The role of indium-111 antimyosin (Fab) imaging as a noninvasive surveillance method of human heart transplant rejection

1989 
The identification of rejection after heart transplantation in patients receiving cyclosporine immunosuppressive therapy requires the endomyocardial biopsy, an invasive method associated with a finite morbidity. To evaluate the role of indium-111 antimyosin (Fab) scintigraphy as a noninvasive surveillance method of heart transplant rejection, the Fab fragment of murine monoclonal antimyosin antibodies labeled with indium-111 was administered intravenously in 30 scintigraphic studies to 10 consecutive heart transplant recipients. Endomyocardial biopsy specimens were obtained 72 hours after each scintigraphic study. Nineteen scintigraphic studies had negative findings; no false negative finding was obtained. Eleven antimyosin scintigraphic studies had positive findings, and in these studies endomyocardial biopsy revealed mild rejection in two cases, moderate acute rejection with myocyte necrosis in two cases, myocyte necrosis as a consequence of ischemic injury in six cases, and possibly cytotoxic damage in one case.
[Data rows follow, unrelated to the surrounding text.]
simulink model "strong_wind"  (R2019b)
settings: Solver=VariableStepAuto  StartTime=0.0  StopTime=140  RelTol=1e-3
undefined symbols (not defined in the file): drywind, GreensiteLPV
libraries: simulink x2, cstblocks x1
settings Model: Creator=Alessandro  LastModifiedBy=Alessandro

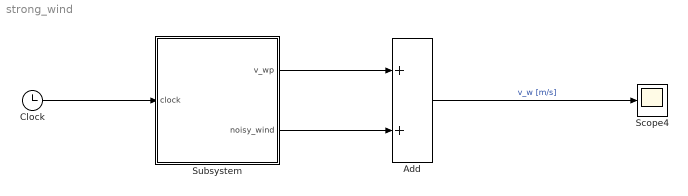
== system strong_wind ==
  Add : Sum
  Clock : Clock
  Scope4 : Scope
  Subsystem : Subsystem
  wires:
  Clock/1 -> Subsystem/1(clock)
  Add/1 -> Scope4/1  "v_w [m/s]"
  Subsystem/2(noisy_wind) -> Add/2
  Subsystem/1(v_wp) -> Add/1

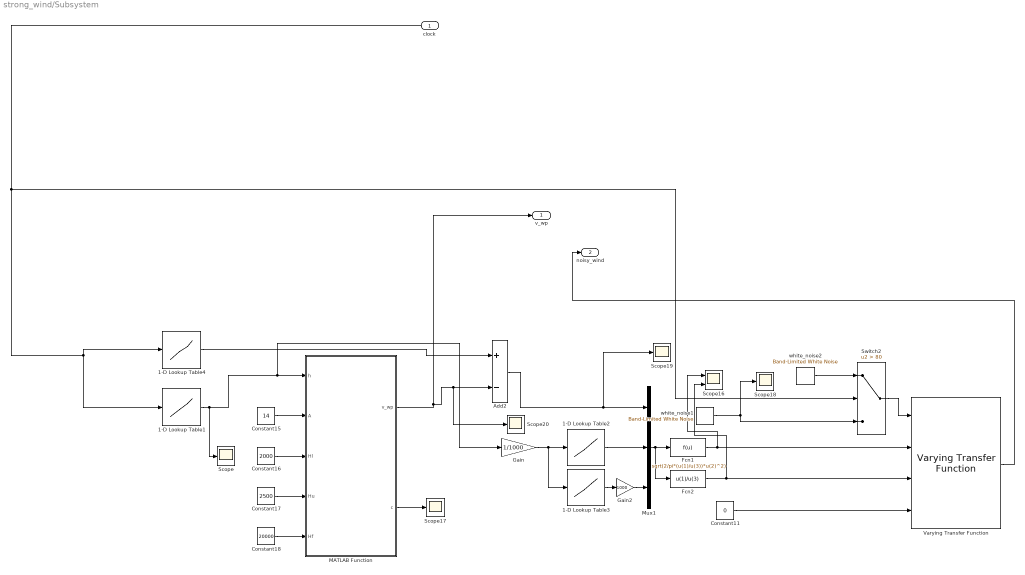
== system strong_wind/Subsystem ==
  clock : Inport
  1-D Lookup Table1 : Lookup_n-D  NumberOfTableDimensions=1  BreakpointsForDimension1=GreensiteLPV.h.Time  Table=GreensiteLPV.h.Data  InternalRulePriority=Speed  RndMeth=Simplest  InputSameDT=on
  1-D Lookup Table2 : Lookup_n-D  NumberOfTableDimensions=1  BreakpointsForDimension1=drywind.alt  Table=drywind.sigma.severe  InternalRulePriority=Speed  RndMeth=Simplest  InputSameDT=on
  1-D Lookup Table3 : Lookup_n-D  NumberOfTableDimensions=1  BreakpointsForDimension1=drywind.alt  Table=drywind.Lh  InternalRulePriority=Speed  RndMeth=Simplest  InputSameDT=on
  1-D Lookup Table4 : Lookup_n-D  NumberOfTableDimensions=1  BreakpointsForDimension1=GreensiteLPV.V.Time  Table=GreensiteLPV.V.Data  InternalRulePriority=Speed  RndMeth=Simplest  InputSameDT=on
  Add2 : Sum  Inputs=+-
  Constant11 : Constant  Value=0
  Constant15 : Constant  Value=14
  Constant16 : Constant  Value=2000
  Constant17 : Constant  Value=2500
  Constant18 : Constant  Value=20000
  Fcn1 : Fcn  Expr=sqrt(2/pi*(u(1)/u(3))*u(2)^2)
  Fcn2 : Fcn  Expr=u(1)/u(3)
  Gain : Gain  Gain=1/1000
  Gain2 : Gain  Gain=1000
  MATLAB Function : MATLAB Function  TreatAsAtomicUnit=on
  Mux1 : Mux  Inputs=3
  Scope{,17..20} (5 alike) : Scope
  Scope16 : Scope  NumInputPorts=2
  Switch2 : Switch  Criteria=u2 > Threshold  Threshold=80
  Varying Transfer Function : cstblocks/Linear Parameter Varying/Varying Transfer Function  N=1
      settings: SourceProductName=Control System Toolbox
  white_noise1 : simulink/Sources/Band-Limited White Noise  Cov=[1]  Ts=0.1  seed=22222
  white_noise2 : simulink/Sources/Band-Limited White Noise  Cov=[0.01]  Ts=0.1  seed=22222
  v_wp : Outport
  noisy_wind : Outport  Port=2
  wires:
  Add2/1 -> Mux1/1, Scope19/1
  1-D Lookup Table4/1 -> Add2/1
  MATLAB Function/1(v_wp) -> v_wp/1, Add2/2, Scope20/1
  Gain2/1 -> Mux1/3
  Mux1/1 -> Fcn1/1, Fcn2/1
  1-D Lookup Table1/1 -> Scope/1, MATLAB Function/1(h), Gain/1
  clock/1 -> 1-D Lookup Table1/1, 1-D Lookup Table4/1, Switch2/2
  Constant15/1 -> MATLAB Function/2(A)
  white_noise1/1 -> Switch2/3, Scope18/1
  Constant16/1 -> MATLAB Function/3(Hl)
  MATLAB Function/2(c) -> Scope17/1
  white_noise2/1 -> Switch2/1
  Switch2/1 -> Varying Transfer Function/1
  Fcn2/1 -> Varying Transfer Function/3, Scope16/2
  Constant11/1 -> Varying Transfer Function/4
  Varying Transfer Function/1 -> noisy_wind/1
  1-D Lookup Table3/1 -> Gain2/1
  Gain/1 -> 1-D Lookup Table2/1, 1-D Lookup Table3/1
  1-D Lookup Table2/1 -> Mux1/2
  Constant18/1 -> MATLAB Function/5(Hf)
  Constant17/1 -> MATLAB Function/4(Hu)
  Fcn1/1 -> Varying Transfer Function/2, Scope16/1

== matlab function strong_wind/Subsystem/MATLAB Function ==
  data: h input; v_wp output; A input; Hl input; Hu input; Hf input; c output
function [v_wp,c] = fcn(h,A,Hl,Hu,Hf)
    if h < Hl
        v_wp = 10*A*(((h/2000)^(0.9))-0.9*(h/Hl));
        c = 1;
    elseif h >= Hl & h <= Hf-Hu
        v_wp = A;
        c = 2;
    elseif h > Hf-Hu & h <=Hf
        v_wp = A/2*(1 - cos((pi/Hu)*(h-Hf)));
        c = 3;
    else 
        v_wp = 0;
        c = 4;
    end

Antimyosin scintigraphy may represent a reliable screening method for the surveillance of heart transplant patients. In the presence of a negative finding from antimyosin scintigraphy, it may be possible to avoid endomyocardial biopsy. Conversely, in patients who have a positive finding from antimyosin scintigraphy, the endomyocardial biopsy is mandatory to establish the definitive diagnosis by histologic examination of the myocardium.